Es problem ist nicht, dass ich zu wenig englisch kann, aber ich kenn mich bei dem programm noch NULL aus. Ich kann blitze machen ok , aber das wars dann auch schon. Ich kenn mich mit den ebenen usw. NULL aus das is es problem wenn ich die "Grundregeln" des Progis kann, is Englisch kein Problem, aber ich muss mir das Progi mal anschaun und da is für MICH deutsch schon leichter  !!

Mfg
yankeecs


----------



## subzero (21. Februar 2002)

das stimmt !
ich würde...wenn du etwas geld hass..  mir ein buch kaufen.. wasasics betrifft..habe hier classroom in a book..finde es ziemlich gut (fand es ziemlich gut) also....naja ziemlcih viel über basics..ein paar templates...
ganz ok.. 

währe ne gute anschaffung denke ich mal.. 

preis :ca. 90 DM

ISBN: 3-827-25894-4

falls es dich interressiert..


----------



## Yankeecs (21. Februar 2002)

kein schlechter Preis alle Achtung  !!!!!

Wäre keine blöde Idee so ein Buch, aber der Preis ist schon saftig  !!!!

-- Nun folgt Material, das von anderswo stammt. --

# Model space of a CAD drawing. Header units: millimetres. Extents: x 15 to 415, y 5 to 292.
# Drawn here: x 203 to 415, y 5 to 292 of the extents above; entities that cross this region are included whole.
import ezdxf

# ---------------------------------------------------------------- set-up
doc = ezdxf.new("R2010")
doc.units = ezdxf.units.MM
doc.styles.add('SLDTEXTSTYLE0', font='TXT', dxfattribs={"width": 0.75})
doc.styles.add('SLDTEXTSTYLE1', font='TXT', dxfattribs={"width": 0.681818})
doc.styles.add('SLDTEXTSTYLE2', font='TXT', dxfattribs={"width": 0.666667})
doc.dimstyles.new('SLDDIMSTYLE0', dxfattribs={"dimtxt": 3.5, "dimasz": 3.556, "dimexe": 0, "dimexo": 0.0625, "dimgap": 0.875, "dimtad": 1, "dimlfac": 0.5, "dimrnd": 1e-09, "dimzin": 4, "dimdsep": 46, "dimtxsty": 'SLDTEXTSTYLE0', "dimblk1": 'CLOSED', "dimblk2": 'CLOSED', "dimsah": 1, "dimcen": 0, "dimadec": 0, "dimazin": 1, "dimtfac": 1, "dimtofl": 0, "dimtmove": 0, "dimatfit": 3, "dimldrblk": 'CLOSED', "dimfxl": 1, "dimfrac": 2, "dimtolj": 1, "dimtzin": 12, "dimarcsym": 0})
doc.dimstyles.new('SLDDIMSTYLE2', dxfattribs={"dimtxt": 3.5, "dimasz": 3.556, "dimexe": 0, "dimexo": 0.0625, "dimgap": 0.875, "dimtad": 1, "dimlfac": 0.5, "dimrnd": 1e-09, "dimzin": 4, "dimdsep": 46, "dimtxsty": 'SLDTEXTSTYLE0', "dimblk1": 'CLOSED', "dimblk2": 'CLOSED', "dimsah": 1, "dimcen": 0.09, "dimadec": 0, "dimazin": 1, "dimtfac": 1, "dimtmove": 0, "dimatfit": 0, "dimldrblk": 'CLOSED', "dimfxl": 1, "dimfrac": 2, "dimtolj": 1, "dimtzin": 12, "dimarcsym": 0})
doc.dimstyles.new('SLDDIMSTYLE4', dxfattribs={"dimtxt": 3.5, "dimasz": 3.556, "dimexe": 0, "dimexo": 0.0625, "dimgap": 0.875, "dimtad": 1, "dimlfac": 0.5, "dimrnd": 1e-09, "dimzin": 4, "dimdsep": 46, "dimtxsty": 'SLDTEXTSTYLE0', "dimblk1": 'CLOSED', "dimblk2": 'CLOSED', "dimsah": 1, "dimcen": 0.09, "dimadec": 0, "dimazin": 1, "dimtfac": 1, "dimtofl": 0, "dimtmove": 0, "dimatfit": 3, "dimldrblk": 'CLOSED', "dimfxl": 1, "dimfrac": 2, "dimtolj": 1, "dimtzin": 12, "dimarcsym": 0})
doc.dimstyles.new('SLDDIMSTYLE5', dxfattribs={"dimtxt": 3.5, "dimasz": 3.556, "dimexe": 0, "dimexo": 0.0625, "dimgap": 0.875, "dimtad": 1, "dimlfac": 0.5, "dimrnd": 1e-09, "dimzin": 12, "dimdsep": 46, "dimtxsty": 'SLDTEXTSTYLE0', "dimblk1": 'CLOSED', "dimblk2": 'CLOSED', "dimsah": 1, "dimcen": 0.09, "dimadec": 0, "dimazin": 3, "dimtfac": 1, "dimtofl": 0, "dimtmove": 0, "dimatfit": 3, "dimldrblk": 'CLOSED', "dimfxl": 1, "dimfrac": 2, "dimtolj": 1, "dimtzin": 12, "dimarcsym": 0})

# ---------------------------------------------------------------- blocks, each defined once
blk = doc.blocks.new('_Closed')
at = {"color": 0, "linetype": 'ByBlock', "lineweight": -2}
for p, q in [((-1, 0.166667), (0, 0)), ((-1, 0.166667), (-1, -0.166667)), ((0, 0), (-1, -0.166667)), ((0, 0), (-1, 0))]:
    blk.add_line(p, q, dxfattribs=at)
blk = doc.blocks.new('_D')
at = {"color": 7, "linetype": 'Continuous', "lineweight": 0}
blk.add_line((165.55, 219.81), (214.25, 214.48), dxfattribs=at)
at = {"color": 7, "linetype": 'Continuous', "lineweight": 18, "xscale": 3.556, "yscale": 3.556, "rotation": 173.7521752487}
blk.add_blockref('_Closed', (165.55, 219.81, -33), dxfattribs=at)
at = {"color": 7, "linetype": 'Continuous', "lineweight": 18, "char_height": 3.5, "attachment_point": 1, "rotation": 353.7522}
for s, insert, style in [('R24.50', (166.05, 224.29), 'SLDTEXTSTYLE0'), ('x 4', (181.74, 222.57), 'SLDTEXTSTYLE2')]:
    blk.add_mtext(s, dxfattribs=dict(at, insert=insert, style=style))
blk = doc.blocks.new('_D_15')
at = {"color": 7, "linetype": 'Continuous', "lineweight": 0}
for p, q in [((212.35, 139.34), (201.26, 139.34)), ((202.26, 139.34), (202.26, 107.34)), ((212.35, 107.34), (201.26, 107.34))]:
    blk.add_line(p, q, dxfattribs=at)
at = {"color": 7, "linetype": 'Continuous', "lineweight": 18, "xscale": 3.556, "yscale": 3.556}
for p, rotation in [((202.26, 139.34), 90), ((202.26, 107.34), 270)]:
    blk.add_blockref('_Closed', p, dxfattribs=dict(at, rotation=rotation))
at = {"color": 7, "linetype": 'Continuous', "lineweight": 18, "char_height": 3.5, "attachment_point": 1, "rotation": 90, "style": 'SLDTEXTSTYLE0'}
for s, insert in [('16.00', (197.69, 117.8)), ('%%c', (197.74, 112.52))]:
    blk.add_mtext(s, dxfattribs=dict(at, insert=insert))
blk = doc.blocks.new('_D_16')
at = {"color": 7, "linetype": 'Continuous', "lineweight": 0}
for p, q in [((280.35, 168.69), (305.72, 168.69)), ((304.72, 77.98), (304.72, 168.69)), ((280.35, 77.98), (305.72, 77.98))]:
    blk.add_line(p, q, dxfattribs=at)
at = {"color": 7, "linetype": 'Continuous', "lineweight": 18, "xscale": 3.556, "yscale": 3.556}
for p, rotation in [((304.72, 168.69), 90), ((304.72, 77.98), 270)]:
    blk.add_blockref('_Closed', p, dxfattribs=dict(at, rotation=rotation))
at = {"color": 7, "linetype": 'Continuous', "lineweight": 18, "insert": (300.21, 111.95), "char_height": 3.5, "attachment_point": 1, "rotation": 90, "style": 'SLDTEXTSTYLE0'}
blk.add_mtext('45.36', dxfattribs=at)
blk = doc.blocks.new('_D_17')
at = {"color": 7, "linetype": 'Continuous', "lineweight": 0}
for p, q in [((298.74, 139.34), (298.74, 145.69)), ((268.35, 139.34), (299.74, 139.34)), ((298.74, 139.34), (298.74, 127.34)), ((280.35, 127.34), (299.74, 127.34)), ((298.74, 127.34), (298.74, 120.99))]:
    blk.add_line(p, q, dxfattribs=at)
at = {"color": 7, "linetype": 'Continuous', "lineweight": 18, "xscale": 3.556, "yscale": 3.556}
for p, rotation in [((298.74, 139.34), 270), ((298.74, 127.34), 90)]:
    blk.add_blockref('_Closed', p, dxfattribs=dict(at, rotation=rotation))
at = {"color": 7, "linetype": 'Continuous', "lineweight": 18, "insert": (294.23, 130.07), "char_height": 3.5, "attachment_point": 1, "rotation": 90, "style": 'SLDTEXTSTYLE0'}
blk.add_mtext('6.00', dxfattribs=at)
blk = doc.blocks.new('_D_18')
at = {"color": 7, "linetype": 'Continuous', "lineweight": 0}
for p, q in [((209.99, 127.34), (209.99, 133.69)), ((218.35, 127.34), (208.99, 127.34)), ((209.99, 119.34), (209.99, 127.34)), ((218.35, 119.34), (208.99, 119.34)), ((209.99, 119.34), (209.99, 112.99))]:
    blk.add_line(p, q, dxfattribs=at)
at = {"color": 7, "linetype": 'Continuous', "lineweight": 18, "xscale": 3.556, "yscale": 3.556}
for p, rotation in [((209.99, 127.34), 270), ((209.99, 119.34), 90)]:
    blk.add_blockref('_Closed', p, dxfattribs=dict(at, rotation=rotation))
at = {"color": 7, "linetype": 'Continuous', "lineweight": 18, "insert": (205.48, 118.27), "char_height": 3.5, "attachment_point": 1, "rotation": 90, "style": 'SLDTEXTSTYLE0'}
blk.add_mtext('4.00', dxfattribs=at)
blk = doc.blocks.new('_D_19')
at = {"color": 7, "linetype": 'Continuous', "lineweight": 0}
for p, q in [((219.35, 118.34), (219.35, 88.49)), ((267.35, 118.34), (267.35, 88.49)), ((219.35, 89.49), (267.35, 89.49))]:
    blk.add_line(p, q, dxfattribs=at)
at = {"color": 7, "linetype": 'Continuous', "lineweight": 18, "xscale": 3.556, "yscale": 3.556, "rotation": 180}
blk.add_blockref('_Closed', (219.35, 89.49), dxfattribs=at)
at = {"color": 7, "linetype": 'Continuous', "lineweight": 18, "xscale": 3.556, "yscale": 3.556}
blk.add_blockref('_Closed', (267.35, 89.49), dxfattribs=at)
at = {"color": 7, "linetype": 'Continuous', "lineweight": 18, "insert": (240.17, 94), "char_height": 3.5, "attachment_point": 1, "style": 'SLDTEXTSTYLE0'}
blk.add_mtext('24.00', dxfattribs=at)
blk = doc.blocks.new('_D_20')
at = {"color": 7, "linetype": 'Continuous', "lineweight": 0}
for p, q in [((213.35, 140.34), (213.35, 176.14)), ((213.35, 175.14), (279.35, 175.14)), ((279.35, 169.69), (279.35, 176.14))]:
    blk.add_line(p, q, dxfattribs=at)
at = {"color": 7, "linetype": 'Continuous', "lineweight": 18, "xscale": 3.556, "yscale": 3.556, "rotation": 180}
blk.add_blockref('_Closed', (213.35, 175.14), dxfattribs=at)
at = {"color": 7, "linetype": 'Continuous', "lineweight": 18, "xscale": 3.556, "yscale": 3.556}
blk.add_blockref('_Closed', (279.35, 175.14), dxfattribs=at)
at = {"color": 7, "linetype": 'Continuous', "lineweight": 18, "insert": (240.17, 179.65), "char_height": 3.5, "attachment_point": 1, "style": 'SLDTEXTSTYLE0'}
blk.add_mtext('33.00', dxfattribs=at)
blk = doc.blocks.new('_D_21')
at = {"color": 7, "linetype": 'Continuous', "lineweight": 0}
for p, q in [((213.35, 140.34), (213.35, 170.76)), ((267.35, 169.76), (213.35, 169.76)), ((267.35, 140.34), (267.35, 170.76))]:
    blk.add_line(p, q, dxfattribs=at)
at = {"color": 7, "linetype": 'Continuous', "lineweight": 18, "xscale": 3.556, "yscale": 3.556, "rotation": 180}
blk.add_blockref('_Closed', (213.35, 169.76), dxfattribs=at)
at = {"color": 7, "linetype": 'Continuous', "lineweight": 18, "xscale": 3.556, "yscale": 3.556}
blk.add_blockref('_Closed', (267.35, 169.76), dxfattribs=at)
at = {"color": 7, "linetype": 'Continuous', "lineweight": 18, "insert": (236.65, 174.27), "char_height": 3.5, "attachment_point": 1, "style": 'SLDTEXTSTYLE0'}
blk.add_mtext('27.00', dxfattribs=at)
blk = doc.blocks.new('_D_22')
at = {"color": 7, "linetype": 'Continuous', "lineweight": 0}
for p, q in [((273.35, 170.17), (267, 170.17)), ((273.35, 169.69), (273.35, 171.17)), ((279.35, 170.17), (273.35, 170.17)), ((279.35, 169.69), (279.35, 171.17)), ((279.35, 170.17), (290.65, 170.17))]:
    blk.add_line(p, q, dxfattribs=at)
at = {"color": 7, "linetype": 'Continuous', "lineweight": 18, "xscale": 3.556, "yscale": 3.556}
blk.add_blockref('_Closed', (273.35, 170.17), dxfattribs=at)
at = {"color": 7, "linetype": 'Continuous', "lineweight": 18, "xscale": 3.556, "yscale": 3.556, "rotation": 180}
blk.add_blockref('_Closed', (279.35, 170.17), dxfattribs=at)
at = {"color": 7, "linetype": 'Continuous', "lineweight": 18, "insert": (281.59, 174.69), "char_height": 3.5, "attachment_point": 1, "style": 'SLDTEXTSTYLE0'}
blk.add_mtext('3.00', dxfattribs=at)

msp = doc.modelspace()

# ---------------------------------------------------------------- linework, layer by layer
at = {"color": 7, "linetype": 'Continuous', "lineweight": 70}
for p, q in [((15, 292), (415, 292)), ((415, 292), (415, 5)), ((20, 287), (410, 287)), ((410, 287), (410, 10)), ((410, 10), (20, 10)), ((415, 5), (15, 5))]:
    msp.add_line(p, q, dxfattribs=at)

Kann man das Buch nur online bestelln oder bekomm ich das in "normalen" Buchhandlungen auch? btw. gibts auch noch andere GUTE Bücher die nicht so billig wie dieses sind?


----------



## Yankeecs (21. Februar 2002)

So, hab jetzt das Update raufgegeben, ABER jetzt hab ich nur mehr 1/3 der Filter die ich auf Englisch hatte  !!!! Muss ma da was umstelln damit ich wieder alle habe?


----------



## Yankeecs (21. Februar 2002)

will ja wirklich nicht lässtig sein aber weiss wirklich niemand wie ich wieder alle filter bekomme? hm  !! Is blöd ein Tutorial zu machen wenn einem die halben Filter fehlen! THX


----------



## Duddle (22. Februar 2002)

1. möglichkeit:
deine original englische version zu deinem händler zurückschicken und über einen umtausch in eine deutsche version verhandeln (hättst eigentlich du oder deine eltern gleich von anfang an die deutsche kaufen können)

2. möglichkeit:
festplatte formatieren und photoshop neu installen


und zu deinem problem mit den englischen filtern:
einfach ein WÖRTERBUCH nehmen und losübersetzen!

Duddle


----------



## Sir Dodger (22. Februar 2002)

@yankeecs

ein weiteres gutes Buch is 

-- Webdesign und FX mit PS6 --

-Addison-Wesley Verlag

ISBN 3-8273-1751-7

is aba bissele für fortgeschrittene, jeder kommt aber recht gut rein !

MfG

Sir Dodger


----------



## c0p (22. Februar 2002)

englisch die weltsprache ... tststststs


----------



## subzero (23. Februar 2002)

wie verstehe ich nich..dsind in der deutschen version weniger filter oder wie..????
der was das nur ein bugbei ihm..???

um aufdas buch von flick zurück zu kommen...haste nen link wo es vorgestellt ist!!!???!!!


----------



## Yankeecs (23. Februar 2002)

Hab jetzt wieder die Englische Version drauf! Das mit dem Patch hat nicht Funktioniert hatte nur 4 oder 5 Kategorien bei den Filtern! Aber ist eh egal die meisten Tuts sind eh auf Englisch und ausserdem gibts in der Tut-Sektion eh einen Tread mit Übersetzungen! Trotzdem THX

@c0p die Tentakeln sind eh ur leicht!


----------



## nanda (23. Februar 2002)

@yankeecs
wenn du doch mal probleme bei einer übersetzung hast, frag einfach mal hier nach.

dein kopf wird dir bestimmt nicht abgerissen. auch wenn ein paar members um einen kommentar nicht herumkommen werden. hauptsache, eine brauchbare antwort ist dabei.


----------



## subzero (23. Februar 2002)

*tipp*

jopp...ich helf auch gern 

und so ein kleiner tipp am rande...
geshities webspace....is etwas kagge wenne was drauf hosten willst..vorallem bilder..wie deine signatur...is bei allen freewebspaces!!!

die werden nie in html als img link angezeigt......is das verständlich ausgedrückt..oder..?



deshalb..naja....ich lasse hosten..lol


----------



## Adam Wille (25. Februar 2002)

Sag mal bitte Yankeecs:

Sind die Filter nicht zur Verfügung unter "Filter" (also hellgrau dargestellt und nicht klickbar) oder gibt's die überhaupt nicht mehr?

Geist


----------